Task directions:
Whenever a line in the records below contains "Stimuli", pick it out.

——————

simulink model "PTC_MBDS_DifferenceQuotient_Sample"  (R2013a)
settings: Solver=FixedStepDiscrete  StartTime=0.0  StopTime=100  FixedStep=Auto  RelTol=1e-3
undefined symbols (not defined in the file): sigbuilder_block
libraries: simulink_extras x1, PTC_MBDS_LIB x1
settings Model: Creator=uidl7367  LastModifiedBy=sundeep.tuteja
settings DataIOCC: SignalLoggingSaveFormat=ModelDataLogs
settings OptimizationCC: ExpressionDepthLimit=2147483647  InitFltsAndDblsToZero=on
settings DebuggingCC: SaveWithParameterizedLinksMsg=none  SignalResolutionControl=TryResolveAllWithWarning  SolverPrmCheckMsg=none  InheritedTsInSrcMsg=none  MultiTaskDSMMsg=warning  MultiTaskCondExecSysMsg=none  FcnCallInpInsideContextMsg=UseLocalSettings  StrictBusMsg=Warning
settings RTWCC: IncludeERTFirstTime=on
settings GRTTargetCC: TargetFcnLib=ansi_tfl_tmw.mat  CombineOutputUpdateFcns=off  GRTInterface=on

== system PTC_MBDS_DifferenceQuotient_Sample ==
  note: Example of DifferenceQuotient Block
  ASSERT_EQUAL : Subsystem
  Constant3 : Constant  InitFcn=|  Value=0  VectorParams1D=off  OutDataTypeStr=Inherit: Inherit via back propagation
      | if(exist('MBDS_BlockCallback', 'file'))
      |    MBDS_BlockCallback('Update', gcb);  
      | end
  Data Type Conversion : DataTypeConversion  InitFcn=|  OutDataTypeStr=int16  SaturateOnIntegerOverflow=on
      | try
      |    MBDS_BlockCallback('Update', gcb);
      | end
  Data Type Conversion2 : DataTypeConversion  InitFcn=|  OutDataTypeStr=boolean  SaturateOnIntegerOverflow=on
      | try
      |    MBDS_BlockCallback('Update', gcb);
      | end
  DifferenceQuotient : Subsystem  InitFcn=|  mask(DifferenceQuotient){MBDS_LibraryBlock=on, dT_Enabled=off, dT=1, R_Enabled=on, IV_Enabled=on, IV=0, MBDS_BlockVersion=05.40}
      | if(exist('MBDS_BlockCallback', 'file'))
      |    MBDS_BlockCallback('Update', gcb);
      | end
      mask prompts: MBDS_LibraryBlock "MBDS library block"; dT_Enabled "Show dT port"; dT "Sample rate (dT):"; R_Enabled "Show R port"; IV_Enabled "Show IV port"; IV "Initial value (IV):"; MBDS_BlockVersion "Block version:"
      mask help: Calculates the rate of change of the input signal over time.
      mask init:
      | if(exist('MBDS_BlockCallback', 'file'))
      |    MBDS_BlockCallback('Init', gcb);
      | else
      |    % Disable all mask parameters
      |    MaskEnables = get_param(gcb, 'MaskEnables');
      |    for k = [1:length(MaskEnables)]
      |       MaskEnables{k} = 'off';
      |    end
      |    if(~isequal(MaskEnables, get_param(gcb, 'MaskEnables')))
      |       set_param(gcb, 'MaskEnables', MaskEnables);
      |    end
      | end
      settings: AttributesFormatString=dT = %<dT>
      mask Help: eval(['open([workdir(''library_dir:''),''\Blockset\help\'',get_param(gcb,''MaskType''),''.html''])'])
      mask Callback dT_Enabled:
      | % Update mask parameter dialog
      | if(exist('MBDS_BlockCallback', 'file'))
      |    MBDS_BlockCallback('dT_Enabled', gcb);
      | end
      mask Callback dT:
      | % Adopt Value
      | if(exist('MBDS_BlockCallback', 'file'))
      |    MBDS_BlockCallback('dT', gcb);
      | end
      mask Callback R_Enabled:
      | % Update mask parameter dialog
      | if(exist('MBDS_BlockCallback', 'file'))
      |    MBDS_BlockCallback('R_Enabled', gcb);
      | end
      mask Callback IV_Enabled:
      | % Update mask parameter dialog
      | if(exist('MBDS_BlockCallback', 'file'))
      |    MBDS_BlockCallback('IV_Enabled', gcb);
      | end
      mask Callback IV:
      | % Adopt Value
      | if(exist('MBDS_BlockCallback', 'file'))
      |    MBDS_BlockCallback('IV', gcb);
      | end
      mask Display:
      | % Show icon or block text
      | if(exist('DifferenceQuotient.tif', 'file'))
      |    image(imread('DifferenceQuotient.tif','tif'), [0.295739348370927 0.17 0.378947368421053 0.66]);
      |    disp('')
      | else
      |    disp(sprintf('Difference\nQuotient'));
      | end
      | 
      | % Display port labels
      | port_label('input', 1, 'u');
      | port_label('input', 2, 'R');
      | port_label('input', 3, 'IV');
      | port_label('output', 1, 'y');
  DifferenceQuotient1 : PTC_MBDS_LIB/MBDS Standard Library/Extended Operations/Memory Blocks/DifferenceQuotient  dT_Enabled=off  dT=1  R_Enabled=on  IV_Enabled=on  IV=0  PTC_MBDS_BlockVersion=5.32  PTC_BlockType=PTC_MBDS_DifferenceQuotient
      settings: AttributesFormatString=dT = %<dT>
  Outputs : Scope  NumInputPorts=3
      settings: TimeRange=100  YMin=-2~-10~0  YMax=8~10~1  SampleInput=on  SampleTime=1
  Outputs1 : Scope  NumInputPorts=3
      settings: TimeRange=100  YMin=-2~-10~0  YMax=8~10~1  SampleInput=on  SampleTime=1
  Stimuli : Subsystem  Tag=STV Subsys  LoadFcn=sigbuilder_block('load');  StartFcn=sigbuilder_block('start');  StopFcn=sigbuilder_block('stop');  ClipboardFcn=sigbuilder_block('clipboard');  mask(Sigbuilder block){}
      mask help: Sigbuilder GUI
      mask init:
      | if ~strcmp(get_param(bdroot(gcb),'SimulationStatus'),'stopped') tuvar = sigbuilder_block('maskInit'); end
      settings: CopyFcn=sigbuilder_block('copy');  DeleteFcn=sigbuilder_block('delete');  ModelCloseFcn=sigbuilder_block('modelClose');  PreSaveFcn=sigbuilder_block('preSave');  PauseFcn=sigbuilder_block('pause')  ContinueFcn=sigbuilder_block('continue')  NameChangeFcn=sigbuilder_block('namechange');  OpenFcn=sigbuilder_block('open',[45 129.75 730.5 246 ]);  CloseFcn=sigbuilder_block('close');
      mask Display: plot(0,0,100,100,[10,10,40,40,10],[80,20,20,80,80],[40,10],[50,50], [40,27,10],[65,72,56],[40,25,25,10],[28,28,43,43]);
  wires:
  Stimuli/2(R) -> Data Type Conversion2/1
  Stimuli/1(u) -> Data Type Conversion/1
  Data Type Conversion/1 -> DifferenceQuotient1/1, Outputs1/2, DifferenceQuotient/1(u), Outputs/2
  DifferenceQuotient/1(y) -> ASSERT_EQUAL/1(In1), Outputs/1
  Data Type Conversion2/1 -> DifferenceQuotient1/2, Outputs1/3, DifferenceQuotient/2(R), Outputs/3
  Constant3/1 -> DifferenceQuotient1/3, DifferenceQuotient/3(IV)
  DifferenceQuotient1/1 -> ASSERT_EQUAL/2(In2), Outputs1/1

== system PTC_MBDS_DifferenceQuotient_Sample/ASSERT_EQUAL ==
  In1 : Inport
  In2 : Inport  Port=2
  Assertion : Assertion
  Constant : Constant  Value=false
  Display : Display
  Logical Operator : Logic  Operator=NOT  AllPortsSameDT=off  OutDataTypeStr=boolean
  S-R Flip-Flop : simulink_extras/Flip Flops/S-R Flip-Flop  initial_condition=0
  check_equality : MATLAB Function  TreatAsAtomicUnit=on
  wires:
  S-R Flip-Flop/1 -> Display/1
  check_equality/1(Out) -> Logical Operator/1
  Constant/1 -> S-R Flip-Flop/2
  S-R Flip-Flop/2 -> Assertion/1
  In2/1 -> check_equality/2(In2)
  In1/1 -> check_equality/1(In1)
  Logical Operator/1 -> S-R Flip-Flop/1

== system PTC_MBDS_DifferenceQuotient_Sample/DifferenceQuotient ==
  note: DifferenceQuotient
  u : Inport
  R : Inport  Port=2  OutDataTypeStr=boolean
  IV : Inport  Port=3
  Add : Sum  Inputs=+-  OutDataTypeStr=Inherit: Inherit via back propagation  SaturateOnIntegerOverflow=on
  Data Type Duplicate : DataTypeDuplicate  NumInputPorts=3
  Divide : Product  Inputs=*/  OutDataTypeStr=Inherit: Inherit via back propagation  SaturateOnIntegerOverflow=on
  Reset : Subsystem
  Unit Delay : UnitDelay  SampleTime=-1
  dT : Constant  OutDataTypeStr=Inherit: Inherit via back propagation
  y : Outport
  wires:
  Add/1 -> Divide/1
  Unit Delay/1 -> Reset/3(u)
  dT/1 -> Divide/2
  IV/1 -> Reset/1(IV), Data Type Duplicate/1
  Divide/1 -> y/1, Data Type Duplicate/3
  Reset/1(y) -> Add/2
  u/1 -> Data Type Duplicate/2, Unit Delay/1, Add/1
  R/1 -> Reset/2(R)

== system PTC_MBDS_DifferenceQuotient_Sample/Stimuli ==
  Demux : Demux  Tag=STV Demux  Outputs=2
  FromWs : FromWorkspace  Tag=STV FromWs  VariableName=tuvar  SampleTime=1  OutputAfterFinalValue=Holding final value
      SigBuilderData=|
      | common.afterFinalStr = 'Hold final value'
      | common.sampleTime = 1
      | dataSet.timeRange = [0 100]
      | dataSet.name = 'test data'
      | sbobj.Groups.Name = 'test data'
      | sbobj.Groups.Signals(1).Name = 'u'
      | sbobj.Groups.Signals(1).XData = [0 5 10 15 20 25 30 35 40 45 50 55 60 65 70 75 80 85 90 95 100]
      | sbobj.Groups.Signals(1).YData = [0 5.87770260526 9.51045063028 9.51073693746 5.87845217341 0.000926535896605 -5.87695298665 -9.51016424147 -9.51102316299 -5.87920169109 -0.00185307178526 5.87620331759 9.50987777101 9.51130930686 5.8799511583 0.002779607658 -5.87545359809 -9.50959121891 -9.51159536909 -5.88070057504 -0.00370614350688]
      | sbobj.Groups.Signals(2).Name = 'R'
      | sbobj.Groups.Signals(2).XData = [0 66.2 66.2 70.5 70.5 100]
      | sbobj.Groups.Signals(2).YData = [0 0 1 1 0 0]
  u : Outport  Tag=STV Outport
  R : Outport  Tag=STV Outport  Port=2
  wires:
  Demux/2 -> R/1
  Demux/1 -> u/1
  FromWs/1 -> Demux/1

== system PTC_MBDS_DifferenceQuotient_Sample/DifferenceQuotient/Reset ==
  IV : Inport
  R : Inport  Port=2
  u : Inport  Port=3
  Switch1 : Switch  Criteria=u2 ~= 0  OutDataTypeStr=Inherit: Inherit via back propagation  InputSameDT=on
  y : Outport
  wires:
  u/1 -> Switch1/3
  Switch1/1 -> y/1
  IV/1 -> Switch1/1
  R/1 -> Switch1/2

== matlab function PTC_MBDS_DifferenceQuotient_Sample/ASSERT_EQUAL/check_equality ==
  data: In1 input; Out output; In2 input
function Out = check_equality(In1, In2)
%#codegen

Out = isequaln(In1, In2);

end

——————

Result of this task:
  Stimuli : Subsystem  Tag=STV Subsys  LoadFcn=sigbuilder_block('load');  StartFcn=sigbuilder_block('start');  StopFcn=sigbuilder_block('stop');  ClipboardFcn=sigbuilder_block('clipboard');  mask(Sigbuilder block){}
  Stimuli/2(R) -> Data Type Conversion2/1
  Stimuli/1(u) -> Data Type Conversion/1
== system PTC_MBDS_DifferenceQuotient_Sample/Stimuli ==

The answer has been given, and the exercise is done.